Premiered -- 21 April 2006  


Paint Out the Numbers is a short novel by Dan S. Ward. It is in fact his first novel, written in early 1970, and revised several times thereafter -- the latest such revision in 2005. The first manuscript was based on Lieutenant Ward's experiences in the submarine service of the United States Navy -- including the varied individuals with whom he served. Subsequent revisions were primarily for the purpose of bringing the language up to date and to improve the readability of the novel.

The great advantage of writing about the military -- the U. S. Navy being no exception -- is that the incredible and astounding personalities which populate such stories are inevitably true to life. Furthermore, the combination of individuals with no clue about anything outside the military, and those with somewhat more sophistication in civilian and worldly matters makes for some astounding interactions. Military service also provides one with the opportunity for experiencing and later retelling stories which lead most people -- those without military experience -- absolutely amazed and incredulous. More than in any other place: in the military, truth is stranger than fiction.
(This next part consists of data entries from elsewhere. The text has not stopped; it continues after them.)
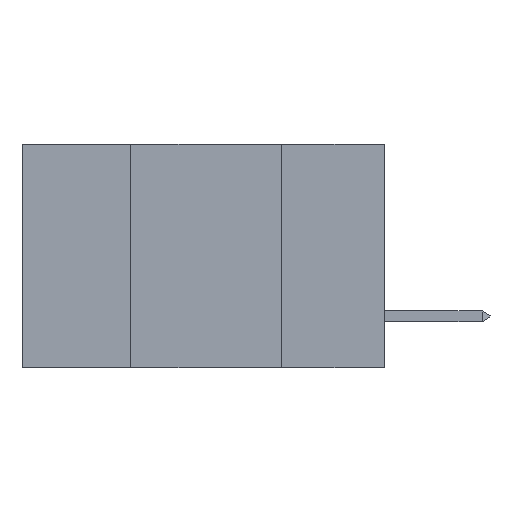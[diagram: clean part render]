
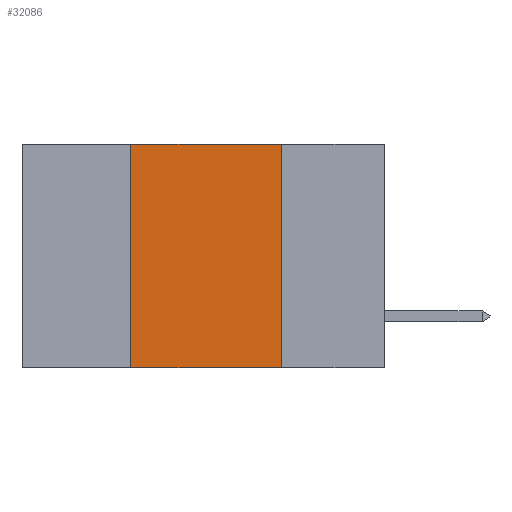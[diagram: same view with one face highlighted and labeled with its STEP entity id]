
A CAD part, left-side view. The second image highlights one B-rep face of the part: STEP entity #32086.
In plain terms, the highlighted planar face has unit normal (-1, 0, 0).
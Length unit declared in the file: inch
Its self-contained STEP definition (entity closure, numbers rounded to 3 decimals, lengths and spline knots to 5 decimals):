
#523 = VECTOR ( 'NONE', #30148, 39.37008 ) ;
#811 = EDGE_CURVE ( 'NONE', #22256, #37022, #32872, .T. ) ;
#2105 = DIRECTION ( 'NONE',  ( 0., 0., -1. ) ) ;
#2574 = CARTESIAN_POINT ( 'NONE',  ( 0., 0.42, -0.37 ) ) ;
#2787 = CARTESIAN_POINT ( 'NONE',  ( 0., 0.6, -0.37 ) ) ;
#3375 = CARTESIAN_POINT ( 'NONE',  ( 0., 0.6, 0. ) ) ;
#3996 = FACE_OUTER_BOUND ( 'NONE', #22286, .T. ) ;
#5229 = VECTOR ( 'NONE', #2105, 39.37008 ) ;
#6666 = LINE ( 'NONE', #3375, #523 ) ;
#10362 = CARTESIAN_POINT ( 'NONE',  ( 0., 0.6, 0. ) ) ;
#10556 = CARTESIAN_POINT ( 'NONE',  ( 0., 0.17, -0.37 ) ) ;
#10851 = ORIENTED_EDGE ( 'NONE', *, *, #22898, .F. ) ;
#11393 = ORIENTED_EDGE ( 'NONE', *, *, #17308, .F. ) ;
#12006 = VECTOR ( 'NONE', #24643, 39.37008 ) ;
#12285 = VERTEX_POINT ( 'NONE', #41580 ) ;
#12673 = ORIENTED_EDGE ( 'NONE', *, *, #811, .T. ) ;
#13097 = EDGE_CURVE ( 'NONE', #12285, #37022, #18574, .T. ) ;
#13114 = DIRECTION ( 'NONE',  ( 0., -1., 0. ) ) ;
#13523 = VECTOR ( 'NONE', #13114, 39.37008 ) ;
#17308 = EDGE_CURVE ( 'NONE', #36701, #12285, #6666, .T. ) ;
#18574 = LINE ( 'NONE', #35260, #5229 ) ;
#20225 = PLANE ( 'NONE',  #43002 ) ;
#22256 = VERTEX_POINT ( 'NONE', #2574 ) ;
#22286 = EDGE_LOOP ( 'NONE', ( #22523, #11393, #10851, #12673 ) ) ;
#22523 = ORIENTED_EDGE ( 'NONE', *, *, #13097, .F. ) ;
#22898 = EDGE_CURVE ( 'NONE', #22256, #36701, #37186, .T. ) ;
#24643 = DIRECTION ( 'NONE',  ( 0., 0., 1. ) ) ;
#27518 = CARTESIAN_POINT ( 'NONE',  ( 0., 0.42, 0. ) ) ;
#27792 = CARTESIAN_POINT ( 'NONE',  ( 0., 0.42, 0. ) ) ;
#30148 = DIRECTION ( 'NONE',  ( 0., -1., 0. ) ) ;
#32086 = ADVANCED_FACE ( 'NONE', ( #3996 ), #20225, .F. ) ;
#32872 = LINE ( 'NONE', #2787, #13523 ) ;
#35260 = CARTESIAN_POINT ( 'NONE',  ( 0., 0.17, 0. ) ) ;
#36701 = VERTEX_POINT ( 'NONE', #27792 ) ;
#36705 = DIRECTION ( 'NONE',  ( 0., 0., -1. ) ) ;
#37022 = VERTEX_POINT ( 'NONE', #10556 ) ;
#37147 = DIRECTION ( 'NONE',  ( 1., 0., 0. ) ) ;
#37186 = LINE ( 'NONE', #27518, #12006 ) ;
#41580 = CARTESIAN_POINT ( 'NONE',  ( 0., 0.17, 0. ) ) ;
#43002 = AXIS2_PLACEMENT_3D ( 'NONE', #10362, #37147, #36705 ) ;
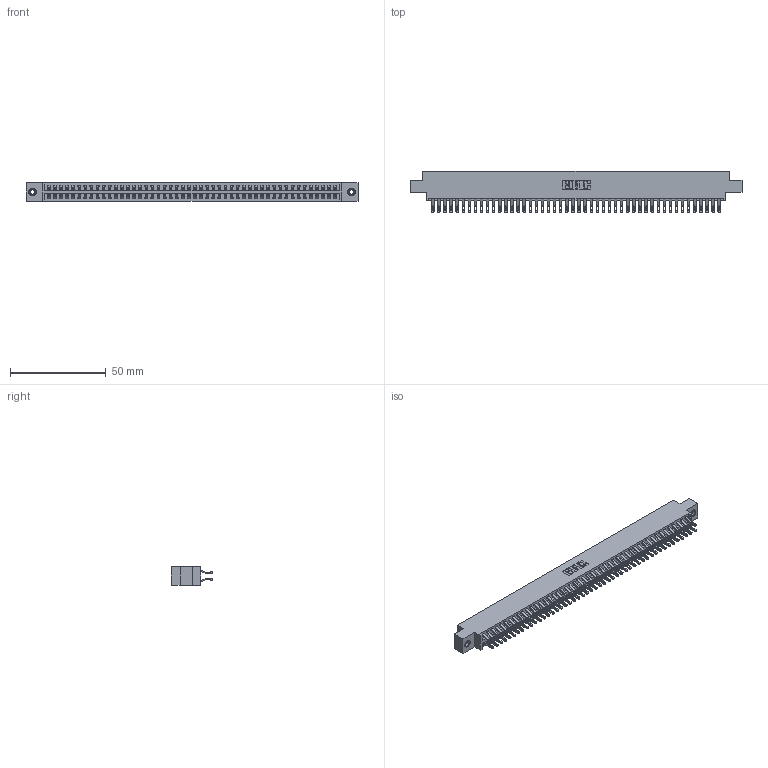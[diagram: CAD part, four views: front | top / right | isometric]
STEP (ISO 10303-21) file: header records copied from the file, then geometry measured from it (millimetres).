
FILE_DESCRIPTION (( 'STEP AP203' ), '1' );
FILE_NAME ('396-096-555-808.STEP', '2019-11-02T16:48:16', ( '' ), ( '' ), 'SwSTEP 2.0', 'SolidWorks 2016', '' );
FILE_SCHEMA (( 'CONFIG_CONTROL_DESIGN' ));
Length unit declared in the file: inch
Products named in the file (4): 345-292-001_555 Tail; 345-250-001_345-250-003-102; 396-096-555-808; 346 Part_0.170 Offset - 0.156 Dia-TI
Assembly tree (99 placements, depth 2):
  396-096-555-808
    346 Part_0.170 Offset - 0.156 Dia-TI
    345-292-001_555 Tail  x96
    345-250-001_345-250-003-102  x2
Bounding box: 172.97 x 21.46 x 9.4 mm (x, y, z)
Volume: 17031 mm3; surface area: 24696.8 mm2
Topology: 99 solids, 99 shells, 5754 faces, 18045 edges, 12022 vertices
Faces by surface type: plane 3280, cylinder 2458, cone 12, torus 4
Entity records: 32162 total; most frequent: CARTESIAN_POINT 5313, ORIENTED_EDGE 5210, DIRECTION 4727, EDGE_CURVE 2605, VECTOR 2241, LINE 2241, VERTEX_POINT 1732, AXIS2_PLACEMENT_3D 1243
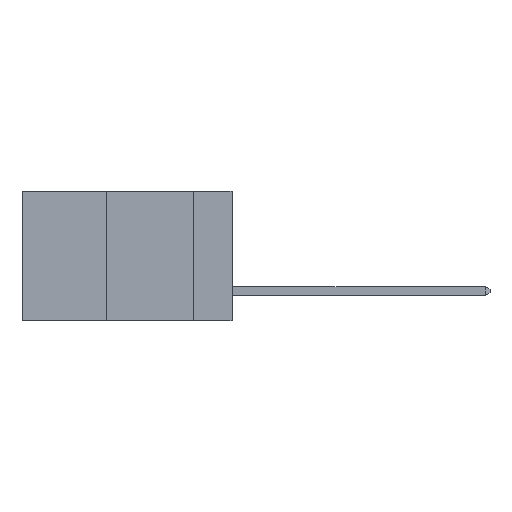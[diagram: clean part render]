
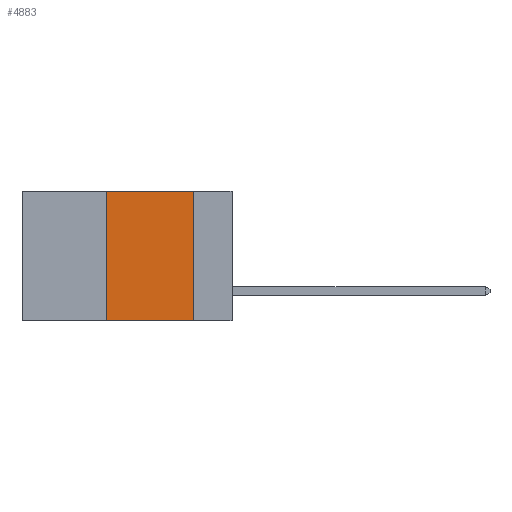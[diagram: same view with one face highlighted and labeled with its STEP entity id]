
A CAD part, left-side view. The second image highlights one B-rep face of the part: STEP entity #4883.
In plain terms, the highlighted planar face has unit normal (-1, 0, 0).
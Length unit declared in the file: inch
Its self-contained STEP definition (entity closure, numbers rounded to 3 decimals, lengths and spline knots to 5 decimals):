
#1269 = VECTOR ( 'NONE', #7696, 39.37008 ) ;
#1790 = ORIENTED_EDGE ( 'NONE', *, *, #19941, .F. ) ;
#2161 = EDGE_LOOP ( 'NONE', ( #9918, #11158, #1790, #22291 ) ) ;
#2237 = FACE_OUTER_BOUND ( 'NONE', #2161, .T. ) ;
#2379 = VECTOR ( 'NONE', #19372, 39.37008 ) ;
#2460 = DIRECTION ( 'NONE',  ( 1., 0., 0. ) ) ;
#2729 = CARTESIAN_POINT ( 'NONE',  ( 0., 0.36, 0. ) ) ;
#2768 = DIRECTION ( 'NONE',  ( 0., 0., 1. ) ) ;
#3613 = VECTOR ( 'NONE', #2768, 39.37008 ) ;
#4230 = AXIS2_PLACEMENT_3D ( 'NONE', #10678, #2460, #4931 ) ;
#4348 = DIRECTION ( 'NONE',  ( 0., 0., -1. ) ) ;
#4362 = VERTEX_POINT ( 'NONE', #12824 ) ;
#4494 = VERTEX_POINT ( 'NONE', #19375 ) ;
#4883 = ADVANCED_FACE ( 'NONE', ( #2237 ), #16509, .F. ) ;
#4931 = DIRECTION ( 'NONE',  ( 0., 0., -1. ) ) ;
#5030 = VECTOR ( 'NONE', #4348, 39.37008 ) ;
#7696 = DIRECTION ( 'NONE',  ( 0., -1., 0. ) ) ;
#9918 = ORIENTED_EDGE ( 'NONE', *, *, #19239, .F. ) ;
#10519 = VERTEX_POINT ( 'NONE', #2729 ) ;
#10678 = CARTESIAN_POINT ( 'NONE',  ( 0., 0.6, 0. ) ) ;
#10987 = EDGE_CURVE ( 'NONE', #16113, #4362, #16134, .T. ) ;
#11158 = ORIENTED_EDGE ( 'NONE', *, *, #14037, .F. ) ;
#11542 = CARTESIAN_POINT ( 'NONE',  ( 0., 0.36, 0. ) ) ;
#12576 = CARTESIAN_POINT ( 'NONE',  ( 0., 0.36, -0.37 ) ) ;
#12824 = CARTESIAN_POINT ( 'NONE',  ( 0., 0.11, -0.37 ) ) ;
#14037 = EDGE_CURVE ( 'NONE', #10519, #4494, #14602, .T. ) ;
#14366 = CARTESIAN_POINT ( 'NONE',  ( 0., 0.6, -0.37 ) ) ;
#14602 = LINE ( 'NONE', #19502, #1269 ) ;
#16113 = VERTEX_POINT ( 'NONE', #12576 ) ;
#16134 = LINE ( 'NONE', #14366, #2379 ) ;
#16509 = PLANE ( 'NONE',  #4230 ) ;
#17836 = LINE ( 'NONE', #11542, #3613 ) ;
#18664 = LINE ( 'NONE', #21321, #5030 ) ;
#19239 = EDGE_CURVE ( 'NONE', #4494, #4362, #18664, .T. ) ;
#19372 = DIRECTION ( 'NONE',  ( 0., -1., 0. ) ) ;
#19375 = CARTESIAN_POINT ( 'NONE',  ( 0., 0.11, 0. ) ) ;
#19502 = CARTESIAN_POINT ( 'NONE',  ( 0., 0.6, 0. ) ) ;
#19941 = EDGE_CURVE ( 'NONE', #16113, #10519, #17836, .T. ) ;
#21321 = CARTESIAN_POINT ( 'NONE',  ( 0., 0.11, 0. ) ) ;
#22291 = ORIENTED_EDGE ( 'NONE', *, *, #10987, .T. ) ;

One example: In the early 1960's a submarine ran ran into and seriously damaged a parked Volkswagon.

No kidding.

It happened at the Navy's submarine base in New London, Connecticut, at the outset of the Cuban Missile Crisis. It turns out that a submarine -- whose name shall remain nameless -- had had it's twin screws removed for repair (i.e., grinding down any nicks in the screws so that they would be less likely to cavitate and in the process make too much noise for the submarine to be appropriately stealthy). When the word came down for all boats to sortie in response to President Kennedy's sudden confrontation with the Russians, the screws were hastily put back on the submarine, and as luck would have it, they were reversed.

In New London, the piers are along the Thames river which is notorious for its strong current. To avoid problems with the current pushing a submarine into a pier when it attempts to back out into the current, the standard procedure had evolved for any submarine getting underway to back out from alongside the pier with considerable dispatch. In this particular case, the submarine did precisely that by going back at two-thirds power, only to find itself suddenly moving forward. The bridge officer then ordered all back emergency! This of course meant that the submarine fairly leaped forward. At the end of the pier and alongside the wharf from which all the piers jutted out into the river... was parked the Executive Officer's Volkswagon, which the submarine ran into as it crashed into the pier on which it was parked.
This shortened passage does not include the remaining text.